BY Harry McCracken10 minute read

Some new Apple products have a whiff of “finally” about them. The new MacBook Air, with modern accoutrements such as a Retina display along with an excellent keyboard and a respectable 256GB of storage, for $999? Finally!

The new iPad Pro, however, is the furthest thing possible from a “finally” product. After all, the previous iPad Pro, which shipped in November 2018, is hardly an antique. In fact, it’s so capable that its operating system, iPadOS, is still playing catch-up with the hardware’s potential.

Still, just a little more than 16 months after that machine’s arrival, Apple is back with another new iPad Pro. It’s an incremental upgrade to its meaty predecessor, which trimmed down the tablet’s bezels, souped up its processor, incorporated Face ID and USB-C, and added ultra-clever magnetic inductive charging for a new version of the Pencil stylus. This time around, Apple gave the iPad Pro another performance boost and substantially upgraded its camera system. In a first for an Apple product, it also built in a lidar scanner for augmented reality distance-measuring.

Judged on its existing and new merits, this tablet is a highly evolved delight. But if you already have the 2018 iPad Pro, you would need to be awfully serious about tablet photography and/or AR to find it a compelling upgrade, at prices that start at $799 for the 11″ model and $999 for its 12.9″ big brother.

Coming in May: The Magic Keyboard case (right) that turns the iPad Pro into a newfangled sort of laptop. [Photo: courtesy of Apple]
Hold on, though.

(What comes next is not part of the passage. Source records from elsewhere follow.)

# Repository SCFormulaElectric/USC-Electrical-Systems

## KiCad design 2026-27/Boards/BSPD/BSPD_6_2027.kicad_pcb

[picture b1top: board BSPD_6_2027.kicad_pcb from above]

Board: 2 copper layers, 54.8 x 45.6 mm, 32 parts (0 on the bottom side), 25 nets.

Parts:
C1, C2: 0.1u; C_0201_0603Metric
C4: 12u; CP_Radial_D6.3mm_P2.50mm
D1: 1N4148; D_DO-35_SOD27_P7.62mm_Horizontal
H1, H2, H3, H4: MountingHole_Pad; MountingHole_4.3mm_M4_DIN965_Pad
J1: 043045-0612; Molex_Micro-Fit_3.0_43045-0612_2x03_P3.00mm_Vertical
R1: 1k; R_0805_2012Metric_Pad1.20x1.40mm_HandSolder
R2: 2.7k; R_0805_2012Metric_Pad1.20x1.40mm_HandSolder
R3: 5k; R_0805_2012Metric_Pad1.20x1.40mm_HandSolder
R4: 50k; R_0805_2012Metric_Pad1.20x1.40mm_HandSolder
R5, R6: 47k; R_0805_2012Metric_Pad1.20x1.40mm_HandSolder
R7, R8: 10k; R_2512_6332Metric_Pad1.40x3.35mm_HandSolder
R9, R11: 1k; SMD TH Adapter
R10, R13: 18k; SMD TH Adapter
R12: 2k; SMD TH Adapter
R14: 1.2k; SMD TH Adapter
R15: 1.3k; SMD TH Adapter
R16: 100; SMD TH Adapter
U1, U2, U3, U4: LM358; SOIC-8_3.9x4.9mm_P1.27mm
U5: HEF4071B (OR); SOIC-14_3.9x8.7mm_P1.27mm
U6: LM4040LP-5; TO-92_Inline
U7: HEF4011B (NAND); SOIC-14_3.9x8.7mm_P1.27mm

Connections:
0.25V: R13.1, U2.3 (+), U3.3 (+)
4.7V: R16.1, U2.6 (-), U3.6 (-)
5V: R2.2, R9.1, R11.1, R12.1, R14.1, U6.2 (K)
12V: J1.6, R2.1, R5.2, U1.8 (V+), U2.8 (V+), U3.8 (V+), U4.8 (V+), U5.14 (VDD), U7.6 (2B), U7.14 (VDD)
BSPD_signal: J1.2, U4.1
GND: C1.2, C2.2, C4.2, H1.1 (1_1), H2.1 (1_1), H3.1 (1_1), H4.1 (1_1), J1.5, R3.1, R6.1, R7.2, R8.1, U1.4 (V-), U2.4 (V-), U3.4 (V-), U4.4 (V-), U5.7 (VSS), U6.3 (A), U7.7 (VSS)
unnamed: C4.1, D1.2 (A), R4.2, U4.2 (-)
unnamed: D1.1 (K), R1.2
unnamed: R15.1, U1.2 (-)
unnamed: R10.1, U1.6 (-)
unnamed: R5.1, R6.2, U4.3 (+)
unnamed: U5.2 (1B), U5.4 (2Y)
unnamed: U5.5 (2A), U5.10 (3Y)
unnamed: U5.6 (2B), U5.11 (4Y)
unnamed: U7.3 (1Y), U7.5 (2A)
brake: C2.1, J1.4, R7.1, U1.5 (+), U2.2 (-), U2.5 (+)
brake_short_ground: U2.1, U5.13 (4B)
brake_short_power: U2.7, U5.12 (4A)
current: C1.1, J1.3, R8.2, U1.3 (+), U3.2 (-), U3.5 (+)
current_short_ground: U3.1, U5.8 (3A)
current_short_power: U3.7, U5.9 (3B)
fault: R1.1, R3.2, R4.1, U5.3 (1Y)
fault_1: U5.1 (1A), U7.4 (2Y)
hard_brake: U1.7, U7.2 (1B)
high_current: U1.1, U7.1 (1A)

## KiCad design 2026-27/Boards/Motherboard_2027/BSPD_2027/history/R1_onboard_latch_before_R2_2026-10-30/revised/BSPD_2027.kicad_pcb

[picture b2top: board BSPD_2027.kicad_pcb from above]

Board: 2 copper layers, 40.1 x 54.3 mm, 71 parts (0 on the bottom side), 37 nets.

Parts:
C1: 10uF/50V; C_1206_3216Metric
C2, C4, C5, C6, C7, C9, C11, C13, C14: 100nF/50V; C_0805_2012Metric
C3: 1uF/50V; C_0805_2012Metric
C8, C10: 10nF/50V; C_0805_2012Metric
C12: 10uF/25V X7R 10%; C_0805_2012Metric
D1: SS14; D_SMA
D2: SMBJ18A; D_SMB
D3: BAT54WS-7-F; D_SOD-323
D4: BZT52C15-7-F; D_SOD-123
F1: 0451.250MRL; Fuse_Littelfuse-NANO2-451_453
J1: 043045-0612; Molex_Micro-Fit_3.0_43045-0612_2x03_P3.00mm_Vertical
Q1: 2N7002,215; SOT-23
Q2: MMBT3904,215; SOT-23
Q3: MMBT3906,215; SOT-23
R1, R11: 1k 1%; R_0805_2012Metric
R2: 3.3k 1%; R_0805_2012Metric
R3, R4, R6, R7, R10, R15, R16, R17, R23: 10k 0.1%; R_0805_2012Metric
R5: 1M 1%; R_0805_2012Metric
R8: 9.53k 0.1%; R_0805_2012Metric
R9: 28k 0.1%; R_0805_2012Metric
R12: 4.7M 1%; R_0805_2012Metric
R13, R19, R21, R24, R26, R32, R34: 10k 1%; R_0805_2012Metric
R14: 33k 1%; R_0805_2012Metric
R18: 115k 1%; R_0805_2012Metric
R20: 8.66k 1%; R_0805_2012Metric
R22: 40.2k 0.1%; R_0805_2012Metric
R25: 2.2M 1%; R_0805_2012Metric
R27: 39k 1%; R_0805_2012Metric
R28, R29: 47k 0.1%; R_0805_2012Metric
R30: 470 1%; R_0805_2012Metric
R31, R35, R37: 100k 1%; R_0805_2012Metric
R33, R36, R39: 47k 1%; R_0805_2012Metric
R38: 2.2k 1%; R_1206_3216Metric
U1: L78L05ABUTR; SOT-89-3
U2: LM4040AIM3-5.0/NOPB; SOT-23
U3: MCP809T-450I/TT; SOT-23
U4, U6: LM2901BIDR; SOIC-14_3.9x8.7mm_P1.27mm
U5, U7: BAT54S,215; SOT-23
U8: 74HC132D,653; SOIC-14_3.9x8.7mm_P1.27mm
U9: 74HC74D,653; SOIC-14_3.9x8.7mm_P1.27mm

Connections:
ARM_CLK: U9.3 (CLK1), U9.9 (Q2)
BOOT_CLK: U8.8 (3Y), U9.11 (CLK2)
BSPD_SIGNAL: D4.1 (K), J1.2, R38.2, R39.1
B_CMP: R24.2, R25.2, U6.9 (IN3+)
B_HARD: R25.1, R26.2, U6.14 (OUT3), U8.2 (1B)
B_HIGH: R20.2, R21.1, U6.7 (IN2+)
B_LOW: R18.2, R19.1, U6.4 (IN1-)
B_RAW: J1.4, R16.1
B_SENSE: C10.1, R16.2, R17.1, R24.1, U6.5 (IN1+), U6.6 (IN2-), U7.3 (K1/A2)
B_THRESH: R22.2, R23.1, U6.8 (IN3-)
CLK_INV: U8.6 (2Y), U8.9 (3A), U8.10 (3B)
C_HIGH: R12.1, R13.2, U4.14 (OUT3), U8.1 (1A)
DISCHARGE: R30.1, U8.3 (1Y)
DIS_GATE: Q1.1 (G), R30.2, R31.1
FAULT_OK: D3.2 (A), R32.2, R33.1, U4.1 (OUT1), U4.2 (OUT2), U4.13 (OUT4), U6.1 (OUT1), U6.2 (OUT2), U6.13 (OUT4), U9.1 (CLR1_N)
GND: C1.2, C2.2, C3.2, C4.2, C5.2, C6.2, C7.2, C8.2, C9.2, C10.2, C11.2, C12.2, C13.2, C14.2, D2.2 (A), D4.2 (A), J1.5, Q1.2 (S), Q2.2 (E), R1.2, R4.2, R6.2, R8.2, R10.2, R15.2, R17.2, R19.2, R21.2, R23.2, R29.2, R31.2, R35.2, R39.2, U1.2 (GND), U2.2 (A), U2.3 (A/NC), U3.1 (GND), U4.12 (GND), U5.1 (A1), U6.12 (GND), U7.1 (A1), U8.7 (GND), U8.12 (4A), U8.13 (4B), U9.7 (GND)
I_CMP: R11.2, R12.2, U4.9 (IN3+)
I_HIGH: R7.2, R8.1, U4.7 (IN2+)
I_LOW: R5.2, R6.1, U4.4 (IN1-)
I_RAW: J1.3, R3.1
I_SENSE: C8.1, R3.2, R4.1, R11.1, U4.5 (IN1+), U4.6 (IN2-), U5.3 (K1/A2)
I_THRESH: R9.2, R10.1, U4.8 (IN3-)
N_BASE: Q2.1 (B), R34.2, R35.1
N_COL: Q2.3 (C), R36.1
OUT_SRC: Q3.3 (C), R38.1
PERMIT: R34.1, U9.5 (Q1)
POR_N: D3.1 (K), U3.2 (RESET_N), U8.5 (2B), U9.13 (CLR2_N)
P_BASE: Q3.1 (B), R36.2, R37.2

In May, Apple plans to release an accessory that may have more impact on the way people use an iPad than the new version of the tablet itself will—and it’s compatible with both the 2020 and 2018 models. TheMagic Keyboardcase will give the iPad Pro a laptop-caliber backlit keyboard and trackpad, along with the ability to swivel the tablet to the angle of your choice and charge it without commandeering its USB-C port. For those willing to pay the price ($299 for the 11″ version, $349 for 12.9″), it looks like a productivity game changer. (Lower-end iPads will getcheaper, less extravagantly innovative keyboard/trackpad cases from Logitech.)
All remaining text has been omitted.